Dolt Gets a cgo Dependency
At DoltHub, we're building Dolt, a MySQL-compatible SQL database with Git-like functionality, including branch, diff, merge, push, pull and clone. Dolt is written in Go. For a variety of reasons, we have traditionally avoided cgo dependencies in Dolt. We recently took a dependency on cgo in Dolt to achieve better disk compression. In this blog, we take a look at the trade-offs involved in adding cgo dependencies to a Go project and why we decided to depend on cgo in the end.
The Value of Simplicity
Go's toolchain has first class support for compiling and calling into dependencies written in C. When cgo is enabled, go build
will call out to the configured (or discovered) C compiler, C++ compiler and assembler for any C, C++ or assembly source files which appear next to the Go source files in a package. The resulting object files will all be linked together to make up the compiled Go package. In addition, the Go compiler has some support for inline definitions in C/C++ code. For example, the following will compile the commented C code as C code using the platform's C compiler and call into it from the go code.
package main
// int add(int a, int b) {
// return a + b;
// }
//
// long stdver() {
// return __STDC_VERSION__;
// }
import "C"
import "fmt"
func main() {
fmt.Println(C.add(C.int(16), C.int(16)))
fmt.Println(C.stdver())
}
In general, creating bindings to C libraries and consuming them from Go is about as easy as could be expected. But ergonomically, it still comes with a multitude of trade-offs compared to native Go. Here are a few that loom large for us at DoltHub.

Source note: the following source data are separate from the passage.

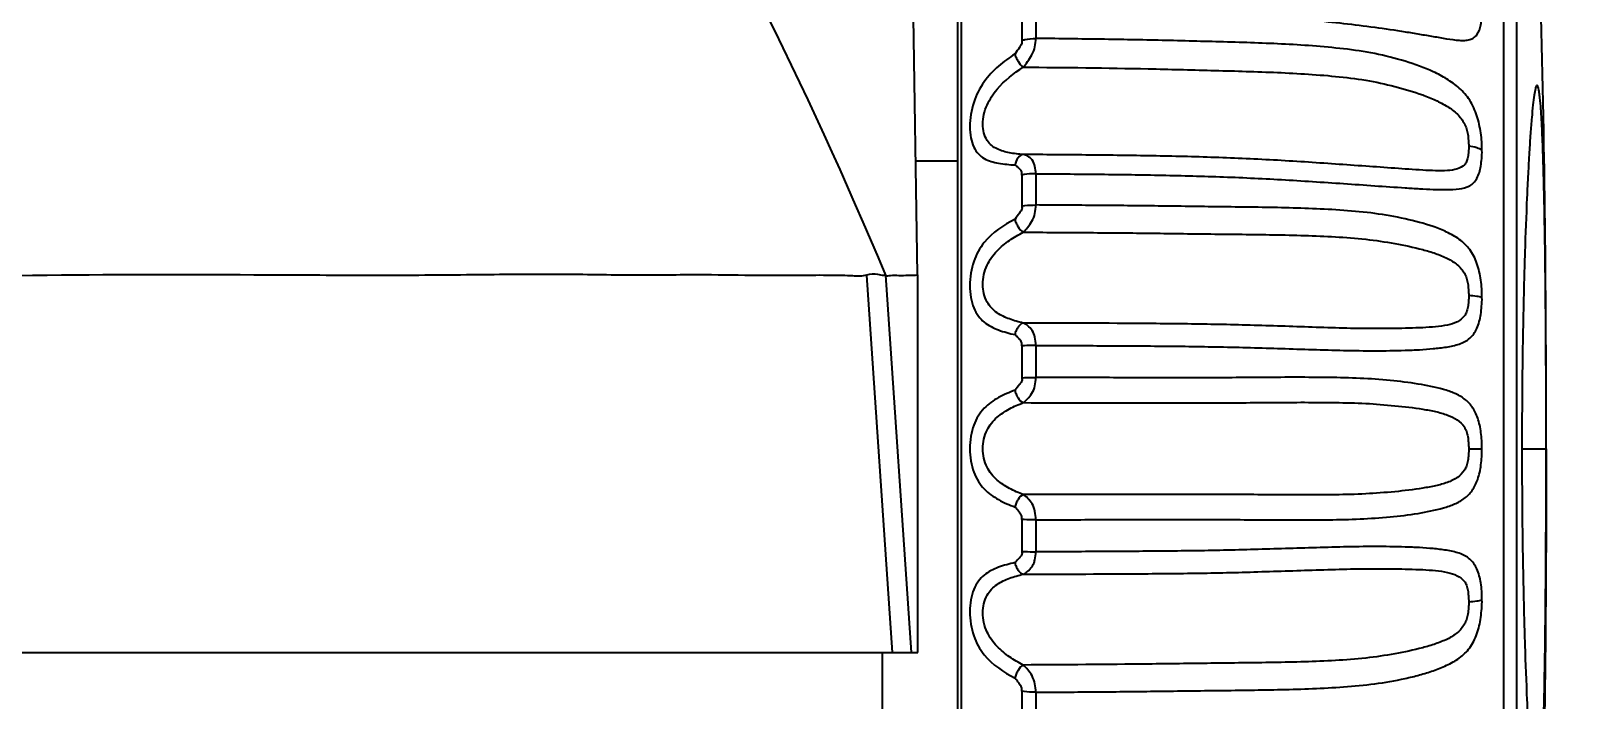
# Model space of a CAD drawing. Header units: millimetres. Extents: x 7426 to 8300, y 123 to 421.
# Drawn here: x 8015.51 to 8020.74, y 214.7 to 216.96 of the extents above; entities that cross this region are included whole.
import ezdxf

# ---------------------------------------------------------------- set-up
doc = ezdxf.new("R2010")
doc.units = ezdxf.units.MM
doc.layers.add('20_ALL_FEATURES', color=7, linetype='Continuous')
doc.layers.add('多重引线', color=7, linetype='Continuous')
doc.styles.add('微软雅黑', font='msyh.ttc')
doc.dimstyles.new('尺寸标注_1_4比例', dxfattribs={"dimtxt": 2.1, "dimasz": 1.7, "dimexe": 0.5, "dimexo": 0.4, "dimgap": 0.5, "dimtad": 1, "dimdec": 1, "dimlfac": 4, "dimdsep": 46, "dimtxsty": '微软雅黑', "dimcen": 0.09, "dimadec": 0, "dimazin": 0, "dimtp": 0.01, "dimtm": 0.01, "dimtfac": 1, "dimtdec": 1, "dimtofl": 0, "dimtmove": 0, "dimatfit": 3, "dimfxl": 1, "dimtolj": 1, "dimarcsym": 0})

# ---------------------------------------------------------------- blocks, each defined once
blk = doc.blocks.new('*D892')
at = {"layer": 'Defpoints', "color": 0}
for p in [(8005.9013, 222.373), (8005.9013, 211.5275), (8034.5959, 211.5275)]:
    blk.add_point(p, dxfattribs=at)
at = {"layer": '多重引线', "color": 0, "lineweight": -2}
for p, q in [((8006.3013, 222.373), (8035.0959, 222.373)), ((8034.5959, 220.673), (8034.5959, 213.2275)), ((8006.3013, 211.5275), (8035.0959, 211.5275))]:
    blk.add_line(p, q, dxfattribs=at)
at = {"layer": '多重引线', "color": 0}
for points in [[(8034.8793, 220.673), (8034.3126, 220.673), (8034.5959, 222.373)], [(8034.3126, 213.2275), (8034.8793, 213.2275), (8034.5959, 211.5275)]]:
    blk.add_solid(points, dxfattribs=at)
at = {"layer": '多重引线', "color": 0, "insert": (8033.0107, 216.9502), "char_height": 2.1, "attachment_point": 5, "rotation": 90, "style": '微软雅黑'}
blk.add_mtext('\\A1;43.4', dxfattribs=at)

msp = doc.modelspace()

# ---------------------------------------------------------------- linework, layer by layer
at = {"layer": '20_ALL_FEATURES', "color": 7, "linetype": 'Continuous'}
for p, q in [((8018.6438, 219.0067), (8018.6441, 212.0882)), ((8018.6318, 218.9546), (8018.6318, 212.1403)), ((8020.4735, 218.5587), (8020.4735, 212.5362)), ((8020.5171, 218.2985), (8020.5171, 212.7963)), ((8018.4973, 216.1336), (8018.4742, 217.5272)), ((8018.8485, 217.0243), (8018.8485, 216.9246)), ((8018.8957, 217.0313), (8018.8957, 216.9311)), ((8018.6318, 216.5168), (8018.49, 216.5168)), ((8018.8485, 216.4706), (8018.8485, 216.3656)), ((8018.8957, 216.4749), (8018.8957, 216.3695)), ((8018.3243, 216.1324), (8018.4114, 214.8597)), ((8018.3889, 216.1324), (8018.4753, 214.8597)), ((8018.4973, 216.1336), (8018.4973, 214.8597)), ((8018.8485, 215.8941), (8018.8485, 215.7867)), ((8018.8957, 215.8957), (8018.8957, 215.7877)), ((8020.3562, 215.5476), (8020.4009, 215.5475)), ((8020.5355, 215.5472), (8020.6174, 215.5472)), ((8018.8485, 215.3089), (8018.8485, 215.2015)), ((8018.8957, 215.3078), (8018.8957, 215.1999)), ((7952.082, 214.8597), (8018.4973, 214.8597)), ((8018.378, 214.8597), (8018.3779, 214.6097)), ((8018.4973, 214.8597), (8018.4982, 214.8597)), ((8018.8485, 214.7299), (8018.8485, 214.6249)), ((8018.8957, 214.726), (8018.8957, 214.6206))]:
    msp.add_line(p, q, dxfattribs=at)
for points, knots in [([(8017.1064, 218.4677), (8017.2247, 218.3073), (8017.7265, 217.5722), (8018.1224, 216.7688), (8018.3889, 216.1324)], [0, 0, 0, 0, 0.224159, 1, 1, 1, 1]), ([(8020.6176, 215.5474), (8020.6176, 215.8731), (8020.6144, 216.454), (8020.5963, 217.2291), (8020.5667, 217.8209), (8020.5358, 218.1569), (8020.5171, 218.2985)], [0, 0, 0, 0, 0.354691, 0.632751, 0.844411, 1, 1, 1, 1]), ([(8018.8957, 217.0313), (8018.9645, 217.0307), (8019.1022, 217.0287), (8019.3091, 217.0246), (8019.4818, 217.0183), (8019.6203, 217.0103), (8019.7246, 217.0027), (8019.8293, 216.9933), (8019.9342, 216.9822), (8020.0384, 216.9695), (8020.1237, 216.9568), (8020.1894, 216.946), (8020.236, 216.9381), (8020.2806, 216.9304), (8020.3161, 216.9249), (8020.3423, 216.9243), (8020.3589, 216.9264), (8020.3733, 216.9322), (8020.3892, 216.9481), (8020.3971, 216.9729), (8020.4, 217.0011), (8020.4011, 217.0173), (8020.4009, 217.0258)], [0, 0, 0, 0, 0.130259, 0.260786, 0.391722, 0.457459, 0.523481, 0.589818, 0.656458, 0.723185, 0.788652, 0.819659, 0.849322, 0.878144, 0.905285, 0.917224, 0.927682, 0.936828, 0.946053, 0.969401, 0.98397, 1, 1, 1, 1]), ([(8018.8485, 216.9246), (8018.8487, 216.9225), (8018.8495, 216.9183), (8018.8478, 216.9119), (8018.8442, 216.9064), (8018.8372, 216.8954), (8018.831, 216.8865), (8018.8261, 216.8793)], [0, 0, 0, 0, 0.119805, 0.243044, 0.37266, 0.49857, 1, 1, 1, 1]), ([(8018.8485, 216.9246), (8018.852, 216.9257), (8018.8674, 216.9297), (8018.8834, 216.9312), (8018.8957, 216.9311)], [0, 0, 0, 0, 0.226324, 1, 1, 1, 1]), ([(8018.8534, 216.8344), (8018.8588, 216.8403), (8018.8692, 216.8539), (8018.8839, 216.8762), (8018.894, 216.9027), (8018.8957, 216.9218), (8018.8957, 216.9312)], [0, 0, 0, 0, 0.222093, 0.473315, 0.738959, 1, 1, 1, 1]), ([(8020.4009, 216.5538), (8020.4007, 216.5634), (8020.4005, 216.583), (8020.396, 216.6224), (8020.3857, 216.6703), (8020.3626, 216.7233), (8020.3257, 216.7647), (8020.2827, 216.7952), (8020.2221, 216.8272), (8020.1407, 216.8559), (8020.0394, 216.882), (8019.9345, 216.8969), (8019.8295, 216.9065), (8019.6901, 216.9148), (8019.5166, 216.9196), (8019.3091, 216.9253), (8019.1023, 216.9287), (8018.9645, 216.9304), (8018.8957, 216.9312)], [0, 0, 0, 0, 0.017235, 0.034852, 0.070325, 0.104285, 0.136291, 0.167531, 0.197797, 0.257922, 0.320634, 0.383573, 0.446144, 0.508351, 0.631947, 0.754953, 0.877585, 1, 1, 1, 1]), ([(8018.8261, 216.8793), (8018.8065, 216.8667), (8018.7683, 216.8389), (8018.7175, 216.7854), (8018.6822, 216.7152), (8018.671, 216.6486), (8018.6752, 216.5973), (8018.6846, 216.5656), (8018.7004, 216.5413), (8018.7283, 216.5201), (8018.7719, 216.5085), (8018.8074, 216.5056), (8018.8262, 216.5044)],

Dependencies for Developers
Today, a new developer at DoltHub, or someone coming across the project in an open-source context, can clone the repository and get started right away. The only major dependency for building Dolt and running its unit tests is a modern Go SDK. Things like go test ./...
and go install ./cmd/dolt
work without any configuration.
As one gets deeper into Dolt development, there are further platform dependencies we take, but they are largely confined to tests. For example, running the full bats
test suite requires a number of external dependencies, including bats
itself. But the first touch experience and being able to make significant progress and full contributions without almost any environment setup is big win for first time contributors and even for our internal tooling and CI/CD workflows.
Adding a C/C++ toolchain to the mix, and potentially dependencies on external C/C++ libraries, has the chance to change things dramatically. C/C++ toolchains are quite platform specific and installing and configuring them is a different process from the Golang SDK.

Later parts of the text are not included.